Wow . Ich komme aber leider nicht weiter bei der Methode getPrice. Also ich muss ja den Array von products absuchen, aber ich verstehe nicht genau wie ich das getPrice da reinbringen soll. 
Die Syntax macht mich zu schaffen .


----------



## Javinner (18. Nov 2017)

Obesjana hat gesagt.:


> Wow . Ich komme aber leider nicht weiter bei der Methode getPrice. Also ich muss ja den Array von products absuchen, aber ich verstehe nicht genau wie ich das getPrice da reinbringen soll.
> Die Syntax macht mich zu schaffen .


Was hast du bisher?


----------



## Flown (18. Nov 2017)

Beschreibe es mal in Prosaform wie du es im echten Leben machen würdest, wenn du Produkte mit Preisen in einem Warenkorb hättest.


----------



## Obesjana (18. Nov 2017)

Naja, also wenn mir jemand sagt ich soll im Warenkorb das Produkt aussuchen, was am billigsten ist, dann würde ich jedes Produkt nehmen und den Preis erstmal angucken. Jeden Preis vergleichen und das billigste halt aufschreiben.
Ich kann mir halt eine for schleife mit einer if Anweisung vorstellen.


----------



## Obesjana (18. Nov 2017)

Ich hab halt rumprobiert aber z.b. wenn ich product.getPrice() nehme, steht dass "product" nicht deklariert wurde.

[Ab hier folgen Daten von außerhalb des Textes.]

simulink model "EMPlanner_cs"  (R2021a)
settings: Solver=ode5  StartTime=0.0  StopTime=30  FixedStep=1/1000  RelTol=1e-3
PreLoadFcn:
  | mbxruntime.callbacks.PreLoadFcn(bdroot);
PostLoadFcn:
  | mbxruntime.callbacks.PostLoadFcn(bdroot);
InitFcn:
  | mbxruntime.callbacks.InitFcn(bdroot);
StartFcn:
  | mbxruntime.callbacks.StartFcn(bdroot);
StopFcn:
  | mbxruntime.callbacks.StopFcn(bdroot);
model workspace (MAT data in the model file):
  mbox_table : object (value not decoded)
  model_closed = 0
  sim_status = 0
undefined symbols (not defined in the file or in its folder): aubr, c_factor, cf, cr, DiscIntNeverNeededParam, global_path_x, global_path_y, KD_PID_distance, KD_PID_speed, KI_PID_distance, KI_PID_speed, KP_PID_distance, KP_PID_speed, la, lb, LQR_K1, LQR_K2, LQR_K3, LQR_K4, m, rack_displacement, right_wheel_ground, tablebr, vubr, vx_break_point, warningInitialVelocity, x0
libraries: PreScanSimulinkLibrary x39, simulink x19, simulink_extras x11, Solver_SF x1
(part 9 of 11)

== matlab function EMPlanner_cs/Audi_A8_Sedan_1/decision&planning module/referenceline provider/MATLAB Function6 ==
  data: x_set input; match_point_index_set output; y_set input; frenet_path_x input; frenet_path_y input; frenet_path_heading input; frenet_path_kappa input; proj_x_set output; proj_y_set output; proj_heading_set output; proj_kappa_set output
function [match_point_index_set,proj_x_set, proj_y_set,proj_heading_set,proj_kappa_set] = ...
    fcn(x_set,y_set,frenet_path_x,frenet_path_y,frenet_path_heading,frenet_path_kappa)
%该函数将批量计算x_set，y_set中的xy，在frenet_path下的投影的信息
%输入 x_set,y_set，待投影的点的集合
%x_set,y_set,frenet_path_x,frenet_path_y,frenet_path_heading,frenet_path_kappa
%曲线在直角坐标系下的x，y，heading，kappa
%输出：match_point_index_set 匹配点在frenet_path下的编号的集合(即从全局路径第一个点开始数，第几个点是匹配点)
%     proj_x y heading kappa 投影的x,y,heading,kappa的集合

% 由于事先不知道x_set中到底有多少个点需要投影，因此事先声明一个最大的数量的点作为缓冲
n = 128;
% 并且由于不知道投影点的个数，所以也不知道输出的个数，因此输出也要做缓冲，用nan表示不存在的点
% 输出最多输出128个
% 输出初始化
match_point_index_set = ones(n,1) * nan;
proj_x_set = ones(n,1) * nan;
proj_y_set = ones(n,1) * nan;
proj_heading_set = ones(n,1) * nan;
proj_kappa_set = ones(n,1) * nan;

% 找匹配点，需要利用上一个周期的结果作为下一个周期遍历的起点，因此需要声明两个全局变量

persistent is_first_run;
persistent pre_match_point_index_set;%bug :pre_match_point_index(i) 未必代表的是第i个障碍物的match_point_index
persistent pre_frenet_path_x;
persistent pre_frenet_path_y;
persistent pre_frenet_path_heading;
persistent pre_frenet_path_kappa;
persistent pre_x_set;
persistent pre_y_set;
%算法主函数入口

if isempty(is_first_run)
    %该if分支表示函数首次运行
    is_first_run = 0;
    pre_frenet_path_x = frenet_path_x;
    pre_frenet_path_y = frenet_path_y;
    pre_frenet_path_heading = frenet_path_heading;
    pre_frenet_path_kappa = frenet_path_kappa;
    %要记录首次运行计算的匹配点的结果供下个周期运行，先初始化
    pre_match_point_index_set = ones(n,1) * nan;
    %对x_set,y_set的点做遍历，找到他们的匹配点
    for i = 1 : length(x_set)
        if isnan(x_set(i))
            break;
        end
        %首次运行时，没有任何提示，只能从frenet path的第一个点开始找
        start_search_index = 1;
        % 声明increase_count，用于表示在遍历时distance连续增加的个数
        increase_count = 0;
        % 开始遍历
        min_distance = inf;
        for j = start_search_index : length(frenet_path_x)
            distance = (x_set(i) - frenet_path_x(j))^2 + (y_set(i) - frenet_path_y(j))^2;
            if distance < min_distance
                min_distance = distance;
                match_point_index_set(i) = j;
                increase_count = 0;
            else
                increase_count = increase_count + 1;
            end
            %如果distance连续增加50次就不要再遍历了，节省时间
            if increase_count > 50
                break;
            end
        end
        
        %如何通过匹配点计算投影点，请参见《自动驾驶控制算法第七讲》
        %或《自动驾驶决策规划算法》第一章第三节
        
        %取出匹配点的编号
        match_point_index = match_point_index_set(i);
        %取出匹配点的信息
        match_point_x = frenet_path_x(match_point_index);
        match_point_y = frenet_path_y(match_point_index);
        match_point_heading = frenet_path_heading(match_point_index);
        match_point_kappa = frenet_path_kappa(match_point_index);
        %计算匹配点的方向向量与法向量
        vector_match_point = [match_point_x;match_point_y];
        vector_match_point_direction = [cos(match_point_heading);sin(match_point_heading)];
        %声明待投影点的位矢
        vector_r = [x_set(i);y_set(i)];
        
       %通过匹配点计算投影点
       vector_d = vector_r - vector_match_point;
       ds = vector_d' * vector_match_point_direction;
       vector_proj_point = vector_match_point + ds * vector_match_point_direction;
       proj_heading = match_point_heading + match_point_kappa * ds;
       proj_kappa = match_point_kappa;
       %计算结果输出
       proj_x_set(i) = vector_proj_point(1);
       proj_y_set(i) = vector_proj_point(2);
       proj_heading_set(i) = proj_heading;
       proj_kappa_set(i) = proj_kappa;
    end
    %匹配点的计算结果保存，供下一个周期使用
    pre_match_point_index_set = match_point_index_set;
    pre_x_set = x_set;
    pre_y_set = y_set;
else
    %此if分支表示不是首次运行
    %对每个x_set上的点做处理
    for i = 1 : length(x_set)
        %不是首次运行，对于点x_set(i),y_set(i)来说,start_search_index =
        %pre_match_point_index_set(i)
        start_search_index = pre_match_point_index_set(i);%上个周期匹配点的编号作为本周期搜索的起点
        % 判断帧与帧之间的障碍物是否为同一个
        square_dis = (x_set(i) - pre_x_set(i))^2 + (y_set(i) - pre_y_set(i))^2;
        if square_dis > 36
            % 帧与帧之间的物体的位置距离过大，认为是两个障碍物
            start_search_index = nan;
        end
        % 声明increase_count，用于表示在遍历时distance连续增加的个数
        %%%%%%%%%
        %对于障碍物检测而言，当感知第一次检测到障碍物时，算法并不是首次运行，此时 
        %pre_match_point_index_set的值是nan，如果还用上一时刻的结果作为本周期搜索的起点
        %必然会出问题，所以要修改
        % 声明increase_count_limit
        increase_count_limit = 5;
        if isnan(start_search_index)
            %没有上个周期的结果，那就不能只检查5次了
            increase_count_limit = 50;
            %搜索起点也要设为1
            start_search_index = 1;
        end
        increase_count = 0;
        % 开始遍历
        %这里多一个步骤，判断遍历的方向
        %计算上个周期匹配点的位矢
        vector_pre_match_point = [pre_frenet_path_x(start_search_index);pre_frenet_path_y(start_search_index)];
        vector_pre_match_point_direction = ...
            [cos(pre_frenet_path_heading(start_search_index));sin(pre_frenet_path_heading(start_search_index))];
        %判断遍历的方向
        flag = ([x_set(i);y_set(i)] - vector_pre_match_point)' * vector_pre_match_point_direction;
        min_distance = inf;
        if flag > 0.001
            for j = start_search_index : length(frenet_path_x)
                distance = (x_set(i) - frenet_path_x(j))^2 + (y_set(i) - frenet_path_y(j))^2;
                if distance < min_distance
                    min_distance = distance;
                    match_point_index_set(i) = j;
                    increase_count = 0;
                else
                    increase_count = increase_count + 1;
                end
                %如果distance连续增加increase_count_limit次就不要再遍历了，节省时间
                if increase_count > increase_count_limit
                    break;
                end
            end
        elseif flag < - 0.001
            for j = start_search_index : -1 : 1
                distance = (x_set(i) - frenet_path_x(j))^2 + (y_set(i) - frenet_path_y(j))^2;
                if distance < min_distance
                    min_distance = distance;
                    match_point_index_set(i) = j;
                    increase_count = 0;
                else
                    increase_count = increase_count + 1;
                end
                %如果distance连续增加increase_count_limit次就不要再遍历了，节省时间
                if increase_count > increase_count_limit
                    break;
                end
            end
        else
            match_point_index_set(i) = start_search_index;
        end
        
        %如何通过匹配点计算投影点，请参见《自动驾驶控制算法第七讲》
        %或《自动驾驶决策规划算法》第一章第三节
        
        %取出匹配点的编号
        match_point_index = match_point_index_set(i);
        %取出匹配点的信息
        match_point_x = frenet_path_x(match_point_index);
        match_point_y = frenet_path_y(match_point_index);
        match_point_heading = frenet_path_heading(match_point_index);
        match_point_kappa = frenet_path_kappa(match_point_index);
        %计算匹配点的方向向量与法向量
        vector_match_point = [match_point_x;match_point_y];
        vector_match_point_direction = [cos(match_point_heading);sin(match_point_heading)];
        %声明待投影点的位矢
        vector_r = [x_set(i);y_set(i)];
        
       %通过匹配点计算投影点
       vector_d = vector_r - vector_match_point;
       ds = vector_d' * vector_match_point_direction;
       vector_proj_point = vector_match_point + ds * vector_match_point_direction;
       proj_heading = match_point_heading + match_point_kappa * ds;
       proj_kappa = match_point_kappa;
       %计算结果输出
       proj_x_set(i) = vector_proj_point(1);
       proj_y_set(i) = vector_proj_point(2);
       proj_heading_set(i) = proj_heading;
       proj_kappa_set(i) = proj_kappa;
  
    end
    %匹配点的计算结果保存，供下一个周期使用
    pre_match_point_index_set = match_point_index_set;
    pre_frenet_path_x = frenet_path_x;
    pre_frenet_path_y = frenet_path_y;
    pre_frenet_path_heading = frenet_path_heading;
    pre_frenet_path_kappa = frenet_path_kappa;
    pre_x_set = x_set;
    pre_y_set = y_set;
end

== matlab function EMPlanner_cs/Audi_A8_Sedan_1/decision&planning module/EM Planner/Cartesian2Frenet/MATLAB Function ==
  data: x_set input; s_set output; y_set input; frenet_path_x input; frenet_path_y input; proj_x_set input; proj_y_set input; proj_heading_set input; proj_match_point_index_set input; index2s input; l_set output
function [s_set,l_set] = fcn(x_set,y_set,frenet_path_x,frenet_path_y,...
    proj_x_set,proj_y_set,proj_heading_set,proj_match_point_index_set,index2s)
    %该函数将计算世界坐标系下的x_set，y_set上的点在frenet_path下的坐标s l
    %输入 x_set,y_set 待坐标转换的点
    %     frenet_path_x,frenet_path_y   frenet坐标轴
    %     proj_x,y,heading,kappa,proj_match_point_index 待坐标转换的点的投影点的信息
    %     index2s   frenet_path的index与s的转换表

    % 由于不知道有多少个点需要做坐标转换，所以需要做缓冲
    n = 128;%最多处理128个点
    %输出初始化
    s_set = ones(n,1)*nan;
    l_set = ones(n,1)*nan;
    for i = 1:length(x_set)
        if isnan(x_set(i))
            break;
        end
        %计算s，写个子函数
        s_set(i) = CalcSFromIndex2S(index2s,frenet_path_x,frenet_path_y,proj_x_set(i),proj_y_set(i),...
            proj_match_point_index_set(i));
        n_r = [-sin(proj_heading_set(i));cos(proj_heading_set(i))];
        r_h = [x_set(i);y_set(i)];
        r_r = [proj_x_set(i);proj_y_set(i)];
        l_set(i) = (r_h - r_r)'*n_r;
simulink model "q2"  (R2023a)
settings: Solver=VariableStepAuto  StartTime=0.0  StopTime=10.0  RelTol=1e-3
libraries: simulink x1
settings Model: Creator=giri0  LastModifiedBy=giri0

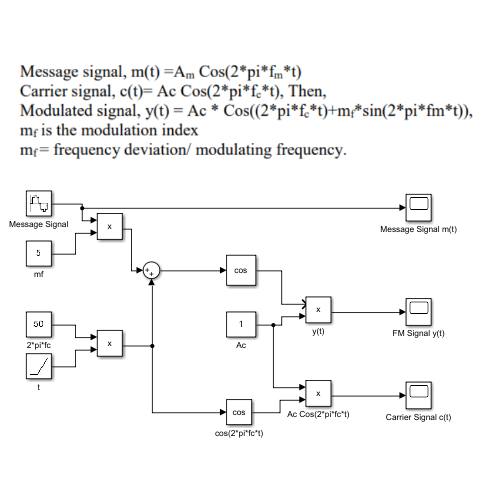
[thumbnail: Simulink's stored preview of the top-level diagram]
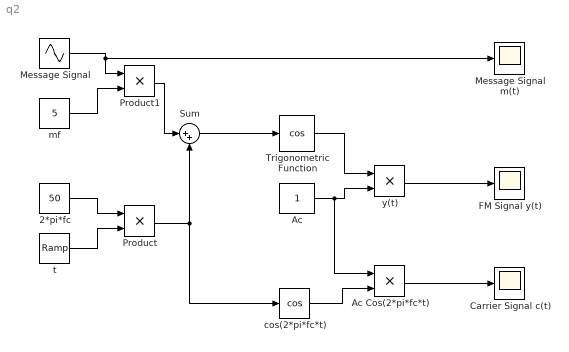
== system q2 ==
  2*pi*fc : Constant  Value=50
  Ac : Constant
  Ac Cos(2*pi*fc*t) : Product
  Carrier Signal c(t) : Scope
  FM Signal y(t) : Scope
  Message Signal : Sin  Frequency=2*pi  SampleTime=1/5000
  Message Signal m(t) : Scope
  Product : Product
  Product1 : Product
  Sum : Sum  Inputs=|++
  Trigonometric Function : Trigonometry  Operator=cos
  cos(2*pi*fc*t) : Trigonometry  Operator=cos
  mf : Constant  Value=5
  t : simulink/Sources/Ramp  slope=1  start=0  InitialOutput=0
  y(t) : Product
  wires:
  t/1 -> Product/2
  2*pi*fc/1 -> Product/1
  Product/1 -> cos(2*pi*fc*t)/1, Sum/2
  Product1/1 -> Sum/1
  mf/1 -> Product1/2
  Message Signal/1 -> Message Signal m(t)/1, Product1/1
  Sum/1 -> Trigonometric Function/1
  Ac/1 -> Ac Cos(2*pi*fc*t)/1, y(t)/2
  Trigonometric Function/1 -> y(t)/1
  y(t)/1 -> FM Signal y(t)/1
  cos(2*pi*fc*t)/1 -> Ac Cos(2*pi*fc*t)/2
  Ac Cos(2*pi*fc*t)/1 -> Carrier Signal c(t)/1
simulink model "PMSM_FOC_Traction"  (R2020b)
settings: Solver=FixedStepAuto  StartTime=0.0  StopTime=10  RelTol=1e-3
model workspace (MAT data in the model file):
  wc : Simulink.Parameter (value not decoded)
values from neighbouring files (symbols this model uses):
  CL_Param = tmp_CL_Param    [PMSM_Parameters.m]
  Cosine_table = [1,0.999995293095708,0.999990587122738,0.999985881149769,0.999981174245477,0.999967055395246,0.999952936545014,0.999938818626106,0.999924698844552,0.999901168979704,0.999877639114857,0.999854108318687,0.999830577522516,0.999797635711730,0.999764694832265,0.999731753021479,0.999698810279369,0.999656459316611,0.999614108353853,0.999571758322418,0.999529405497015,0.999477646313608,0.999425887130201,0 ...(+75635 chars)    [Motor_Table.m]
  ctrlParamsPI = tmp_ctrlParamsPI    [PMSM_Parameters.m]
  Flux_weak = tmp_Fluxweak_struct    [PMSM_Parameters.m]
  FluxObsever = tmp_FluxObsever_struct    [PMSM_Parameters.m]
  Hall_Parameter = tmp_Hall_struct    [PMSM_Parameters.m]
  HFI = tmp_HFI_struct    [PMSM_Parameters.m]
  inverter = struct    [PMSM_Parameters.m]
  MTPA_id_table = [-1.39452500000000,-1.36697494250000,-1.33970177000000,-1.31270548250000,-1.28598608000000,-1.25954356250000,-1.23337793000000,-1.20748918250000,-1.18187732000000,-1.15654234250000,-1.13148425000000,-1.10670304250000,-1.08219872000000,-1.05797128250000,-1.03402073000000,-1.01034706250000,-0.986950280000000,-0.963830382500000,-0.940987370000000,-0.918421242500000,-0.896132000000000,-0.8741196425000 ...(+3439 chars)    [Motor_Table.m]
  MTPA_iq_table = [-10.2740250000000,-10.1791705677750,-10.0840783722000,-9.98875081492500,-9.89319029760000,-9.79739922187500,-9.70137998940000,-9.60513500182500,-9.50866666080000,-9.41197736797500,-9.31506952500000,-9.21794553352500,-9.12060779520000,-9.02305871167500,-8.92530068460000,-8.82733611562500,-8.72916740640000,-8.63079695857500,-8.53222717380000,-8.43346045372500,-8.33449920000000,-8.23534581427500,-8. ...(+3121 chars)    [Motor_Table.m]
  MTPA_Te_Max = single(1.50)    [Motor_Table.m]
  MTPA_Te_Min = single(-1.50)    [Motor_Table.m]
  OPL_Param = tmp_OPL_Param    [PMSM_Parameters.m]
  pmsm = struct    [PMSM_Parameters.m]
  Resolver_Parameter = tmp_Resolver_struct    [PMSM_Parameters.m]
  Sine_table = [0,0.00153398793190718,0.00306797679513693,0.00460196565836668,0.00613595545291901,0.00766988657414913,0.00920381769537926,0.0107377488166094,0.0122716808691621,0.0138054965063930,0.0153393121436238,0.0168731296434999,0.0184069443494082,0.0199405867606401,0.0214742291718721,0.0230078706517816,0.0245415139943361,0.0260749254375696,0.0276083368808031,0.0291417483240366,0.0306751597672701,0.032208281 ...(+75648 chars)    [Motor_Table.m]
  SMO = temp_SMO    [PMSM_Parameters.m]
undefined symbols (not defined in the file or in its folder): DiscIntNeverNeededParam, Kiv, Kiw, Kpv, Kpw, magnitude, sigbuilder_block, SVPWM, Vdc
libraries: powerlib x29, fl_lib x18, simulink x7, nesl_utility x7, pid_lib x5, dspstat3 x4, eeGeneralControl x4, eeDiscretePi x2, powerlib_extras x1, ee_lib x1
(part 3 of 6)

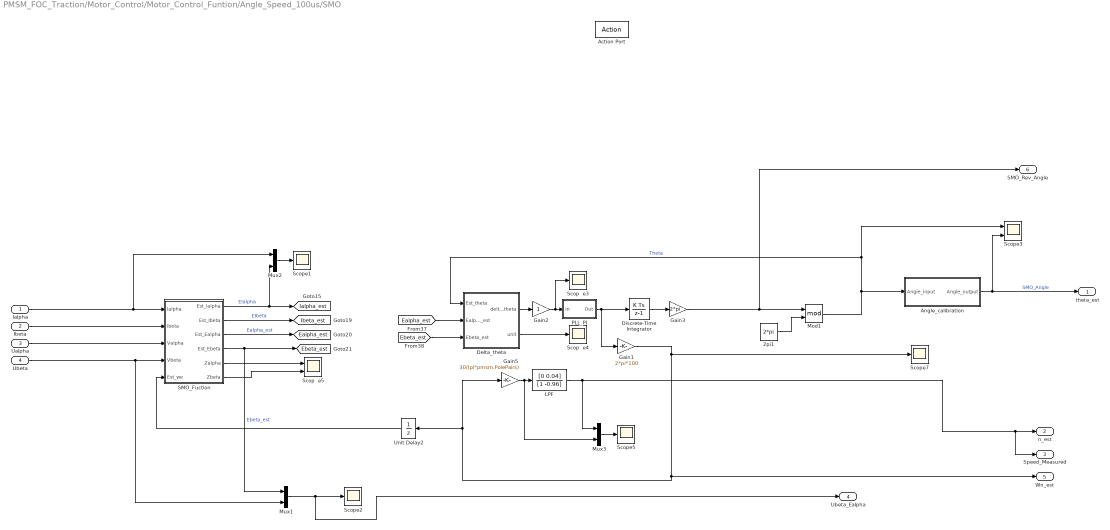
== system PMSM_FOC_Traction/Motor_Control/Motor_Control_Funtion/Angle_Speed_100us/SMO ==
  Ialpha : Inport
  Ibeta : Inport  Port=2
  Ualpha : Inport  Port=3
  Ubeta : Inport  Port=4
  Action Port : ActionPort  ActionPortLabel=if(u1==1)
  2pi1 : Constant  Value=2*pi  OutDataTypeStr=single
  Angle_calibration : Subsystem  TreatAsAtomicUnit=on
      settings: RTWSystemCode=Nonreusable function  RTWFcnNameOpts=Use subsystem name
  Delta_theta : Subsystem  TreatAsAtomicUnit=on
      settings: RTWSystemCode=Nonreusable function  RTWFcnNameOpts=Use subsystem name
  Discrete-Time Integrator : DiscreteIntegrator  gainval=100  SampleTime=-1  ICPrevOutput=DiscIntNeverNeededParam  ICPrevScaledInput=DiscIntNeverNeededParam
  Gain1 : Gain  Gain=2*pi*100  OutDataTypeStr=single
  Gain2 : Gain
  Gain3 : Gain  Gain=2*pi  OutDataTypeStr=single
  Gain5 : Gain  Gain=30/(pi*pmsm.PolePairs)
  LPF : DiscreteFilter  Numerator=[0 0.04]  Denominator=[1 -0.96]
  Mod1 : Math  Operator=mod  SaturateOnIntegerOverflow=on
  Mux1 : Mux  Inputs=2
  Mux2 : Mux  Inputs=2
  Mux3 : Mux  Inputs=2
  PLL_PI : Subsystem  mask{kp=SMO.PLL_KP, ki=SMO.PLL_Ki, Ts=-1}
  SMO_Fuction : Subsystem  mask{A=SMO.A, B=SMO.B, C=SMO.C, k=SMO.k, m=SMO.m, tao=SMO.tao, Ts=inverter.Ts}
  Scop  e3 : Scope
  Scop  e4 : Scope
  Scop  e5 : Scope  NumInputPorts=2
  Scope{1..2,5,7} (4 alike) : Scope
  Scope3 : Scope  NumInputPorts=2
  Unit Delay2 : UnitDelay  SampleTime=-1  HasFrameUpgradeWarning=on
  theta_est : Outport
  n_est : Outport  Port=2
  Speed_Measured : Outport  Port=3
  Ubeta_Ealpha : Outport  Port=4
  Wn_est : Outport  Port=5
  SMO_Rev_Angle : Outport  Port=6
  tag scope: Ealpha_est=global, Ebeta_est=global, Ialpha_est=global, Ibeta_est=global
  wires:
  SMO_Fuction/3(Est_Ealpha) -> [Ealpha_est]  "Ealpha_est"
  SMO_Fuction/6(Zbeta) -> Scop  e5/2
  SMO_Fuction/1(Est_Ialpha) -> Mux2/2, [Ialpha_est]  "EIalpha"
  SMO_Fuction/4(Est_Ebeta) -> Mux1/1, [Ebeta_est]  "Ebeta_est"
  SMO_Fuction/5(Zalpha) -> Scop  e5/1
  SMO_Fuction/2(Est_Ibeta) -> [Ibeta_est]  "EIbeta"
  Mux2/1 -> Scope1/1
  [Ebeta_est] -> Delta_theta/3(Ebeta_est)
  Delta_theta/1(delta_theta) -> Gain2/1
  Gain2/1 -> Scop  e3/1, PLL_PI/1(in)
  [Ealpha_est] -> Delta_theta/2(Ealpha_est)
  Discrete-Time Integrator/1 -> Gain3/1
  Mod1/1 -> Delta_theta/1(Est_theta), Scope3/1, Angle_calibration/1(Angle_input)  "Theta"
  PLL_PI/1(Out) -> Discrete-Time Integrator/1, Gain1/1
  2pi1/1 -> Mod1/2
  Mux3/1 -> Scope5/1
  Delta_theta/2(unit) -> Scop  e4/1
  Gain5/1 -> Mux3/2, LPF/1
  LPF/1 -> Speed_Measured/1, n_est/1, Mux3/1
  Angle_calibration/1(Angle_output) -> theta_est/1, Scope3/2  "SMO_Angle"
  Ialpha/1 -> SMO_Fuction/1(Ialpha), Mux2/1
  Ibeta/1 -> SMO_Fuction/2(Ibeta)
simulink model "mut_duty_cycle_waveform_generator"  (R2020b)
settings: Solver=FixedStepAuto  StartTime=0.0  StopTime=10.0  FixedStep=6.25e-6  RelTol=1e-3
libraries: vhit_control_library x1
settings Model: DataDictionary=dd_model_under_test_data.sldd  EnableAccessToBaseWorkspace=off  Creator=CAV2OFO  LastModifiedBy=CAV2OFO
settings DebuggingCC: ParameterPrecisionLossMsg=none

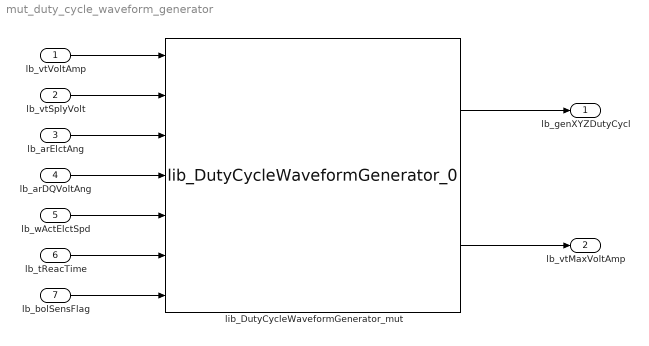
== system mut_duty_cycle_waveform_generator ==
  lb_vtVoltAmp : Inport  OutDataTypeStr=fixdt(1,16,2^-9,0)  Interpolate=off
  lb_vtSplyVolt : Inport  Port=2  OutDataTypeStr=fixdt(1,16,2^-9,0)  Interpolate=off
  lb_arElctAng : Inport  Port=3  OutDataTypeStr=fixdt(0,16,pi*2^-15,0)  Interpolate=off
  lb_arDQVoltAng : Inport  Port=4  OutDataTypeStr=fixdt(0,16,pi*2^-15,0)  Interpolate=off
  lb_wActElctSpd : Inport  Port=5  OutDataTypeStr=fixdt(1,16,2^-3,0)  Interpolate=off
  lb_tReacTime : Inport  Port=6  OutDataTypeStr=fixdt(0,16,2^-26,0)  Interpolate=off
  lb_bolSensFlag : Inport  Port=7  OutDataTypeStr=boolean
  lib_DutyCycleWaveformGenerator_mut : vhit_control_library/lib_DutyCycleWaveformGenerator_0  lb_parLktSize=1024  lb_parOmodFact=parOmodFact  lb_parPWMMode=Discontinuous minimum modulation  lb_parSimModeFlag=off
  lb_genXYZDutyCycl : Outport  OutDataTypeStr=fixdt(0,16,2^-15,0)
  lb_vtMaxVoltAmp : Outport  Port=2
  wires:
  lib_DutyCycleWaveformGenerator_mut/1 -> lb_genXYZDutyCycl/1
  lb_vtVoltAmp/1 -> lib_DutyCycleWaveformGenerator_mut/1
  lib_DutyCycleWaveformGenerator_mut/2 -> lb_vtMaxVoltAmp/1
  lb_vtSplyVolt/1 -> lib_DutyCycleWaveformGenerator_mut/2
  lb_arElctAng/1 -> lib_DutyCycleWaveformGenerator_mut/3
  lb_arDQVoltAng/1 -> lib_DutyCycleWaveformGenerator_mut/4
  lb_wActElctSpd/1 -> lib_DutyCycleWaveformGenerator_mut/5
  lb_tReacTime/1 -> lib_DutyCycleWaveformGenerator_mut/6
  lb_bolSensFlag/1 -> lib_DutyCycleWaveformGenerator_mut/7

Ich bin irgendwie verloren.


----------



## Javinner (18. Nov 2017)

Schau dir das hier an und versuche es nachzuvollziehen.

```
public class Test
{

    public static void main(String[] args)
    {
        int[] number = {6, 1, 23, 43, 645, 2, 33};
        System.out.println(getSmallestNumber(number));
    }

    static int getSmallestNumber(int[] array)
    {
        int smallestNumber = array[0];
        for (int i = 0; i < array.length; i++) {
            if (array[i] < smallestNumber) {
                smallestNumber = array[i];
            }
        }
        return smallestNumber;
    }

}
/** Konsolenausgabe */
1
```


----------



## Javinner (18. Nov 2017)

Obesjana hat gesagt.:
			
		

> Da ich keine Vorkenntnisse habe und ich jetzt wirklich 1 Tag dran sitze


So garnicht oder nicht in Java?


----------



## Obesjana (18. Nov 2017)

vor ab, in der Aufgabe steht auch, das die Methode keine Argumente erwartet, ich glaube das wäre noch wichtig zu erwähnen 
Ok.
Also wir haben einen Array (number) deklariert und initialisieren ihn mit bestimmten Ziffern (6,1,23...). Dann eine Methode die eben die kleinste Ziffer ermittelt. Dabei eine Variable (smallestNumber) initialisiert array[0]. eine for schleife wo die länge überprüft wird und bei jedem gang um 1 erhöht wird. in der for-schleife eine if anweisung die besagt, wenn array_ kleiner als die Variable smallestNumber ist, die Variable eine neue Zuweisung bekommt (in dem Fall array. Am ende soll die Mehtode die Variable eben zurückgeben.
Müsste der Array nicht "number" heißen?
Jedenfalls verstehe ich schon den Ablauf, er soll in jedem Index überprüfen, ob dieser Index kleiner als die Variable ist, aber ich verstehe die variable nicht irgendwie. Warum array[0] ?_


----------



## Obesjana (18. Nov 2017)

Javinner hat gesagt.:


> So garnicht oder nicht in Java?


Also ich habe php vorher gemacht, aber in Java sehe ich nur Fragezeichen, zumindest was die ganze Syntax mit "public, private, String, int" oder Methoden aufrufe eben angeht.


----------



## Javinner (18. Nov 2017)

@Obesjana
Na das sieht doch schon nicht schlecht aus.


> _Warum array[0] _


Var smallestNumber muss initialisiert werden.
So bekommt diese die erste Ziffer des Arrays und, wenn den der Fall eintreten sollte, dass eine Zahl noch kleiner ist, als eben die erste Zahl im Array, ergo Var smallestNumber
, wird dieser Wert in der Var smallestNumber festgehalten.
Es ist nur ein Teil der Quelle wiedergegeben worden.